§ WORK TASK
Leaving all pictures aside, copy exactly the lines from the start of the listing below through the line that contains "#16=DIRECTION('',(0.,0.,1.));", and only those lines.

§ DATA
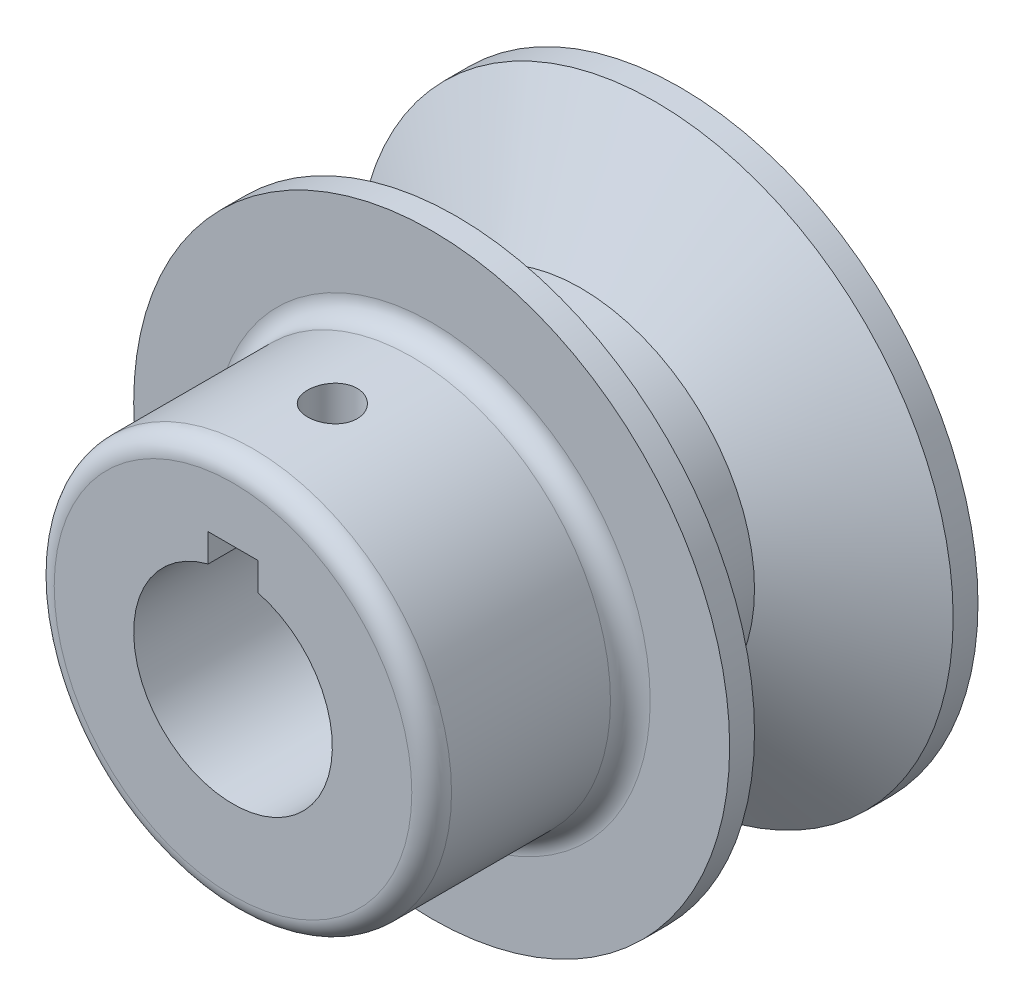
ISO-10303-21;
HEADER;
FILE_DESCRIPTION(('STEP AP214'),'2;1');
FILE_NAME('part.step','',(''),(''),'','','');
FILE_SCHEMA(('AUTOMOTIVE_DESIGN { 1 0 10303 214 1 1 1 1 }'));
ENDSEC;
DATA;
#1=APPLICATION_CONTEXT('core data for automotive mechanical design processes');
#2=APPLICATION_PROTOCOL_DEFINITION('international standard','automotive_design',2000,#1);
#3=PRODUCT_CONTEXT('',#1,'mechanical');
#4=PRODUCT('Part','Part','',(#3));
#5=PRODUCT_RELATED_PRODUCT_CATEGORY('part','',(#4));
#6=PRODUCT_DEFINITION_FORMATION('','',#4);
#7=PRODUCT_DEFINITION_CONTEXT('part definition',#1,'design');
#8=PRODUCT_DEFINITION('design','',#6,#7);
#9=PRODUCT_DEFINITION_SHAPE('','',#8);
#10=(LENGTH_UNIT() NAMED_UNIT(*) SI_UNIT(.MILLI.,.METRE.));
#11=(NAMED_UNIT(*) PLANE_ANGLE_UNIT() SI_UNIT($,.RADIAN.));
#12=(NAMED_UNIT(*) SI_UNIT($,.STERADIAN.) SOLID_ANGLE_UNIT());
#13=UNCERTAINTY_MEASURE_WITH_UNIT(LENGTH_MEASURE(1.E-05),#10,'distance_accuracy_value','');
#14=(GEOMETRIC_REPRESENTATION_CONTEXT(3) GLOBAL_UNCERTAINTY_ASSIGNED_CONTEXT((#13)) GLOBAL_UNIT_ASSIGNED_CONTEXT((#10,
#11,#12)) REPRESENTATION_CONTEXT('',''));
#15=CARTESIAN_POINT('',(0.,0.,0.));
#16=DIRECTION('',(0.,0.,1.));
#17=DIRECTION('',(1.,0.,0.));
#18=AXIS2_PLACEMENT_3D('',#15,#16,#17);
#19=CARTESIAN_POINT('',(0.,0.,0.));
#20=DIRECTION('',(0.,0.,1.));
#21=DIRECTION('',(1.,0.,0.));
#22=AXIS2_PLACEMENT_3D('',#19,#20,#21);
#23=CYLINDRICAL_SURFACE('',#22,12.7);
#24=CARTESIAN_POINT('',(0.,0.,-11.43));
#25=DIRECTION('',(0.,0.,-1.));
#26=DIRECTION('',(-1.,0.,0.));
#27=AXIS2_PLACEMENT_3D('',#24,#25,#26);
#28=CIRCLE('',#27,12.7);
#29=CARTESIAN_POINT('',(-12.7,0.,-11.43));
#30=VERTEX_POINT('',#29);
#31=EDGE_CURVE('E140',#30,#30,#28,.F.);
#32=ORIENTED_EDGE('',*,*,#31,.T.);
#33=EDGE_LOOP('',(#32));
#34=FACE_BOUND('',#33,.T.);
#35=CARTESIAN_POINT('',(0.,0.,-1.27));
#36=DIRECTION('',(0.,0.,-1.));
#37=DIRECTION('',(-1.,0.,0.));
#38=AXIS2_PLACEMENT_3D('',#35,#36,#37);
#39=CIRCLE('',#38,12.7);
#40=CARTESIAN_POINT('',(-12.7,0.,-1.27));
#41=VERTEX_POINT('',#40);
#42=EDGE_CURVE('E94',#41,#41,#39,.T.);
#43=ORIENTED_EDGE('',*,*,#42,.T.);
#44=EDGE_LOOP('',(#43));
#45=FACE_BOUND('',#44,.T.);
#46=CARTESIAN_POINT('',(0.,12.7,-7.9375));
#47=CARTESIAN_POINT('',(-0.0887990956779086,12.6999987610923,-7.93749622750582));
#48=CARTESIAN_POINT('',(-0.177653679682245,12.6990588319236,-7.93002422172751));
#49=CARTESIAN_POINT('',(-0.352890329326993,12.6953996797071,-7.90033487584755));
#50=CARTESIAN_POINT('',(-0.439269714946078,12.6926785988531,-7.87810213941865));
#51=CARTESIAN_POINT('',(-0.60699369000629,12.685763687632,-7.81955659611456));
#52=CARTESIAN_POINT('',(-0.688341625692798,12.6815708487427,-7.78325326645074));
#53=CARTESIAN_POINT('',(-0.843774966557078,12.6721787505759,-7.69761777467918));
#54=CARTESIAN_POINT('',(-0.917861614588296,12.6669796639841,-7.648287847583));
#55=CARTESIAN_POINT('',(-1.05709263875139,12.6561235402952,-7.53770911185186));
#56=CARTESIAN_POINT('',(-1.12219128173507,12.6504643782968,-7.47640292286514));
#57=CARTESIAN_POINT('',(-1.24120452390901,12.6393430601619,-7.34373510705423));
#58=CARTESIAN_POINT('',(-1.29511855300908,12.6338809140791,-7.27237296798009));
#59=CARTESIAN_POINT('',(-1.3904024524153,12.6237511406844,-7.1213218142458));
#60=CARTESIAN_POINT('',(-1.43172948092258,12.6190862500797,-7.04160557540436));
#61=CARTESIAN_POINT('',(-1.5003926536252,12.6111071657063,-6.87629622201343));
#62=CARTESIAN_POINT('',(-1.52772932837141,12.6077929207184,-6.79070333046165));
#63=CARTESIAN_POINT('',(-1.56749685231573,12.6029106564829,-6.6165449358024));
#64=CARTESIAN_POINT('',(-1.58000491385463,12.6013335948233,-6.52799732135784));
#65=CARTESIAN_POINT('',(-1.58999907396884,12.6000765787067,-6.35004682269539));
#66=CARTESIAN_POINT('',(-1.58748577663654,12.6003965479596,-6.26064397301563));
#67=CARTESIAN_POINT('',(-1.56757194514442,12.6028891665979,-6.08405893469702));
#68=CARTESIAN_POINT('',(-1.55025646449528,12.6050512310481,-5.99686698376283));
#69=CARTESIAN_POINT('',(-1.5013624933206,12.6109679184609,-5.82663616152594));
#70=CARTESIAN_POINT('',(-1.46978371381246,12.6147225736903,-5.74359737440658));
#71=CARTESIAN_POINT('',(-1.3931681305439,12.6234133857405,-5.58376582062123));
#72=CARTESIAN_POINT('',(-1.34809436610435,12.6283527798927,-5.50699095434189));
#73=CARTESIAN_POINT('',(-1.24579473310514,12.6388540175843,-5.36206274904759));
#74=CARTESIAN_POINT('',(-1.18856830871129,12.644415889589,-5.29390980460671));
#75=CARTESIAN_POINT('',(-1.06311643532865,12.6555824478042,-5.16766637869106));
#76=CARTESIAN_POINT('',(-0.994817674978408,12.6611871641568,-5.1096487267286));
#77=CARTESIAN_POINT('',(-0.849412302387342,12.6717719167297,-5.0058898611806));
#78=CARTESIAN_POINT('',(-0.77230566983709,12.6767519515096,-4.96014867590328));
#79=CARTESIAN_POINT('',(-0.61141716131581,12.685529316588,-4.88224111150541));
#80=CARTESIAN_POINT('',(-0.52763305403945,12.6893262494498,-4.85007929278542));
#81=CARTESIAN_POINT('',(-0.355795542173721,12.6953059897034,-4.80030123661273));
#82=CARTESIAN_POINT('',(-0.267742337660474,12.6974888726618,-4.78268431819297));
#83=CARTESIAN_POINT('',(-0.0904958590850711,12.6999847372083,-4.76259053559455));
#84=CARTESIAN_POINT('',(-0.00131412627611589,12.7003101095057,-4.76001334484882));
#85=CARTESIAN_POINT('',(0.17620998317591,12.6990877463345,-4.76980741112553));
#86=CARTESIAN_POINT('',(0.264552377653589,12.6975400507556,-4.78217834980476));
#87=CARTESIAN_POINT('',(0.437594062403167,12.692753181605,-4.82143416507173));
#88=CARTESIAN_POINT('',(0.522304372219688,12.6895195841681,-4.84827120476067));
#89=CARTESIAN_POINT('',(0.686022030835089,12.6817229416863,-4.9156476819647));
#90=CARTESIAN_POINT('',(0.765029185880475,12.677159851501,-4.95618758474205));
#91=CARTESIAN_POINT('',(0.915545870636516,12.6671820754792,-5.05006174231724));
#92=CARTESIAN_POINT('',(0.987014637564325,12.6617631196699,-5.10346089402658));
#93=CARTESIAN_POINT('',(1.12001108841271,12.6506931537679,-5.22144593093422));
#94=CARTESIAN_POINT('',(1.18153837754391,12.6450421344708,-5.28603226017938));
#95=CARTESIAN_POINT('',(1.29326129384944,12.6341067196874,-5.42500020964078));
#96=CARTESIAN_POINT('',(1.34339041746064,12.6288245944804,-5.4994354999071));
#97=CARTESIAN_POINT('',(1.43043458479663,12.6192623600859,-5.65572798548274));
#98=CARTESIAN_POINT('',(1.46734989341751,12.614982230812,-5.73758503196759));
#99=CARTESIAN_POINT('',(1.52681087758025,12.6079240499955,-5.90618282765873));
#100=CARTESIAN_POINT('',(1.54939404843526,12.6051420819234,-5.99291018208046));
#101=CARTESIAN_POINT('',(1.57967044610608,12.6013839660123,-6.16896307720072));
#102=CARTESIAN_POINT('',(1.58736436561021,12.6004077341657,-6.25828849683397));
#103=CARTESIAN_POINT('',(1.58763115041387,12.6003740688386,-6.43634027004497));
#104=CARTESIAN_POINT('',(1.58030849653904,12.6013033771749,-6.52506648269075));
#105=CARTESIAN_POINT('',(1.55097124707932,12.6049475773112,-6.70001652713412));
#106=CARTESIAN_POINT('',(1.52895664992016,12.6076624693026,-6.78624035866358));
#107=CARTESIAN_POINT('',(1.47089309179293,12.6145678351684,-6.95372431754666));
#108=CARTESIAN_POINT('',(1.43484916291654,12.6187577799142,-7.03498621258885));
#109=CARTESIAN_POINT('',(1.34976038286545,12.6281420236046,-7.19032512532068));
#110=CARTESIAN_POINT('',(1.30071536878859,12.6333363351336,-7.26440205296759));
#111=CARTESIAN_POINT('',(1.19062902035381,12.6441873401767,-7.4038023280912));
#112=CARTESIAN_POINT('',(1.1295098223671,12.6498468877336,-7.46906396770641));
#113=CARTESIAN_POINT('',(0.997172394124923,12.6609654806149,-7.58844483398166));
#114=CARTESIAN_POINT('',(0.925951786104895,12.66642447835,-7.64256142984169));
#115=CARTESIAN_POINT('',(0.775122669242424,12.6765498093258,-7.73829120176186));
#116=CARTESIAN_POINT('',(0.695483292543568,12.6812130492472,-7.77985604674603));
#117=CARTESIAN_POINT('',(0.530341142961313,12.6891900716372,-7.84896273925184));
#118=CARTESIAN_POINT('',(0.4448448563526,12.6925053195968,-7.87651982373445));
#119=CARTESIAN_POINT('',(0.299088665199632,12.6966136740812,-7.91023267973878));
#120=CARTESIAN_POINT('',(0.239747846333245,12.6978773594361,-7.92044322815861));
#121=CARTESIAN_POINT('',(0.120279835139896,12.6995709389403,-7.9340781410152));
#122=CARTESIAN_POINT('',(0.0601526486149773,12.700000839238,-7.93750255549356));
#123=CARTESIAN_POINT('',(0.,12.7,-7.9375));
#124=B_SPLINE_CURVE_WITH_KNOTS('',3,(#46,#47,#48,#49,#50,#51,#52,#53,#54,#55,#56,#57,#58,#59,
#60,#61,#62,#63,#64,#65,#66,#67,#68,#69,#70,#71,#72,#73,#74,#75,#76,#77,#78,#79,#80,#81,#82,#83,
#84,#85,#86,#87,#88,#89,#90,#91,#92,#93,#94,#95,#96,#97,#98,#99,#100,#101,#102,#103,#104,#105,
#106,#107,#108,#109,#110,#111,#112,#113,#114,#115,#116,#117,#118,#119,#120,#121,#122,#123),
.UNSPECIFIED.,.T.,.F.,(4,2,2,2,2,2,2,2,2,2,2,2,2,2,2,2,2,2,2,2,2,2,2,2,2,2,2,2,2,2,2,2,2,2,2,2,
2,2,4),(0.,0.266177568212917,0.532633212699076,0.798909697695424,1.06514052650331,
1.3326796638317,1.60023243453007,1.86868593952482,2.13712926330472,2.40416858056814,
2.67119715876762,2.93670162240475,3.20221146555563,3.46845525691314,3.73471122826161,
4.00280808616625,4.27090556226827,4.53909300289569,4.80726788673901,5.0736517741387,
5.34002998858725,5.60553269222306,5.87104441155132,6.13792525859548,6.40481670123181,
6.67322751907309,6.94163295580677,7.20933327168387,7.47702113311746,7.74285282263406,
8.00868454063513,8.2744209968862,8.54016078294288,8.80767375934312,9.07524981028459,
9.34384340928402,9.61214421664361,9.79245465424144,9.97276376220778),.UNSPECIFIED.);
#125=CARTESIAN_POINT('',(0.,12.7,-7.9375));
#126=VERTEX_POINT('',#125);
#127=EDGE_CURVE('E160',#126,#126,#124,.T.);
#128=ORIENTED_EDGE('',*,*,#127,.F.);
#129=EDGE_LOOP('',(#128));
#130=FACE_BOUND('',#129,.T.);
#131=ADVANCED_FACE('F33',(#34,#45,#130),#23,.T.);
#132=CARTESIAN_POINT('',(1.5875,7.9375,-28.575));
#133=DIRECTION('',(0.,1.,0.));
#134=DIRECTION('',(0.,0.,1.));
#135=AXIS2_PLACEMENT_3D('',#132,#133,#134);
#136=PLANE('',#135);
#137=CARTESIAN_POINT('',(0.,7.9375,-6.35));
#138=DIRECTION('',(0.,1.,0.));
#139=DIRECTION('',(0.,0.,1.));
#140=AXIS2_PLACEMENT_3D('',#137,#138,#139);
#141=CIRCLE('',#140,1.5875);
#142=CARTESIAN_POINT('',(-1.5875,7.9375,-6.35));
#143=VERTEX_POINT('',#142);
#144=CARTESIAN_POINT('',(1.5875,7.9375,-6.35));
#145=VERTEX_POINT('',#144);
#146=EDGE_CURVE('E47',#143,#145,#141,.F.);
#147=ORIENTED_EDGE('',*,*,#146,.F.);
#148=DIRECTION('',(0.,0.,1.));
#149=VECTOR('',#148,1.);
#150=CARTESIAN_POINT('',(-1.5875,7.9375,-28.575));
#151=LINE('',#150,#149);
#152=CARTESIAN_POINT('',(-1.5875,7.9375,-28.575));
#153=VERTEX_POINT('',#152);
#154=EDGE_CURVE('E91',#153,#143,#151,.T.);
#155=ORIENTED_EDGE('',*,*,#154,.F.);
#156=DIRECTION('',(-1.,0.,0.));
#157=VECTOR('',#156,1.);
#158=CARTESIAN_POINT('',(1.5875,7.9375,-28.575));
#159=LINE('',#158,#157);
#160=CARTESIAN_POINT('',(1.5875,7.9375,-28.575));
#161=VERTEX_POINT('',#160);
#162=EDGE_CURVE('E226',#161,#153,#159,.T.);
#163=ORIENTED_EDGE('',*,*,#162,.F.);
#164=DIRECTION('',(0.,0.,1.));
#165=VECTOR('',#164,1.);
#166=CARTESIAN_POINT('',(1.5875,7.9375,-28.575));
#167=LINE('',#166,#165);
#168=EDGE_CURVE('E93',#161,#145,#167,.T.);
#169=ORIENTED_EDGE('',*,*,#168,.T.);
#170=EDGE_LOOP('',(#147,#155,#163,#169));
#171=FACE_BOUND('',#170,.T.);
#172=ADVANCED_FACE('F88',(#171),#136,.F.);
#173=EDGE_CURVE('E78',#145,#143,#141,.F.);
#174=ORIENTED_EDGE('',*,*,#173,.F.);
#175=CARTESIAN_POINT('',(1.5875,7.9375,0.));
#176=VERTEX_POINT('',#175);
#177=EDGE_CURVE('E114',#145,#176,#167,.T.);
#178=ORIENTED_EDGE('',*,*,#177,.T.);
#179=DIRECTION('',(-1.,0.,0.));
#180=VECTOR('',#179,1.);
#181=CARTESIAN_POINT('',(1.5875,7.9375,0.));
#182=LINE('',#181,#180);
#183=CARTESIAN_POINT('',(-1.5875,7.9375,0.));
#184=VERTEX_POINT('',#183);
#185=EDGE_CURVE('E99',#176,#184,#182,.T.);
#186=ORIENTED_EDGE('',*,*,#185,.T.);
#187=EDGE_CURVE('E96',#143,#184,#151,.T.);
#188=ORIENTED_EDGE('',*,*,#187,.F.);
#189=EDGE_LOOP('',(#174,#178,#186,#188));
#190=FACE_BOUND('',#189,.T.);
#191=ADVANCED_FACE('F97',(#190),#136,.F.);
#192=CARTESIAN_POINT('',(0.,12.7,0.));
#193=DIRECTION('',(0.,0.,-1.));
#194=DIRECTION('',(-1.,0.,0.));
#195=AXIS2_PLACEMENT_3D('',#192,#193,#194);
#196=PLANE('',#195);
#197=CARTESIAN_POINT('',(0.,0.,0.));
#198=DIRECTION('',(0.,0.,-1.));
#199=DIRECTION('',(-1.,0.,0.));
#200=AXIS2_PLACEMENT_3D('',#197,#198,#199);
#201=CIRCLE('',#200,11.43);
#202=CARTESIAN_POINT('',(-11.43,0.,0.));
#203=VERTEX_POINT('',#202);
#204=EDGE_CURVE('E11',#203,#203,#201,.F.);
#205=ORIENTED_EDGE('',*,*,#204,.T.);
#206=EDGE_LOOP('',(#205));
#207=FACE_BOUND('',#206,.T.);
#208=ORIENTED_EDGE('',*,*,#185,.F.);
#209=DIRECTION('',(0.,1.,0.));
#210=VECTOR('',#209,1.);
#211=CARTESIAN_POINT('',(1.5875,4.7625,0.));
#212=LINE('',#211,#210);
#213=CARTESIAN_POINT('',(1.5875,6.14836106210427,0.));
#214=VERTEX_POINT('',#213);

§ WRITTEN ANSWER
ISO-10303-21;
HEADER;
FILE_DESCRIPTION(('STEP AP214'),'2;1');
FILE_NAME('part.step','',(''),(''),'','','');
FILE_SCHEMA(('AUTOMOTIVE_DESIGN { 1 0 10303 214 1 1 1 1 }'));
ENDSEC;
DATA;
#1=APPLICATION_CONTEXT('core data for automotive mechanical design processes');
#2=APPLICATION_PROTOCOL_DEFINITION('international standard','automotive_design',2000,#1);
#3=PRODUCT_CONTEXT('',#1,'mechanical');
#4=PRODUCT('Part','Part','',(#3));
#5=PRODUCT_RELATED_PRODUCT_CATEGORY('part','',(#4));
#6=PRODUCT_DEFINITION_FORMATION('','',#4);
#7=PRODUCT_DEFINITION_CONTEXT('part definition',#1,'design');
#8=PRODUCT_DEFINITION('design','',#6,#7);
#9=PRODUCT_DEFINITION_SHAPE('','',#8);
#10=(LENGTH_UNIT() NAMED_UNIT(*) SI_UNIT(.MILLI.,.METRE.));
#11=(NAMED_UNIT(*) PLANE_ANGLE_UNIT() SI_UNIT($,.RADIAN.));
#12=(NAMED_UNIT(*) SI_UNIT($,.STERADIAN.) SOLID_ANGLE_UNIT());
#13=UNCERTAINTY_MEASURE_WITH_UNIT(LENGTH_MEASURE(1.E-05),#10,'distance_accuracy_value','');
#14=(GEOMETRIC_REPRESENTATION_CONTEXT(3) GLOBAL_UNCERTAINTY_ASSIGNED_CONTEXT((#13)) GLOBAL_UNIT_ASSIGNED_CONTEXT((#10,
#11,#12)) REPRESENTATION_CONTEXT('',''));
#15=CARTESIAN_POINT('',(0.,0.,0.));
#16=DIRECTION('',(0.,0.,1.));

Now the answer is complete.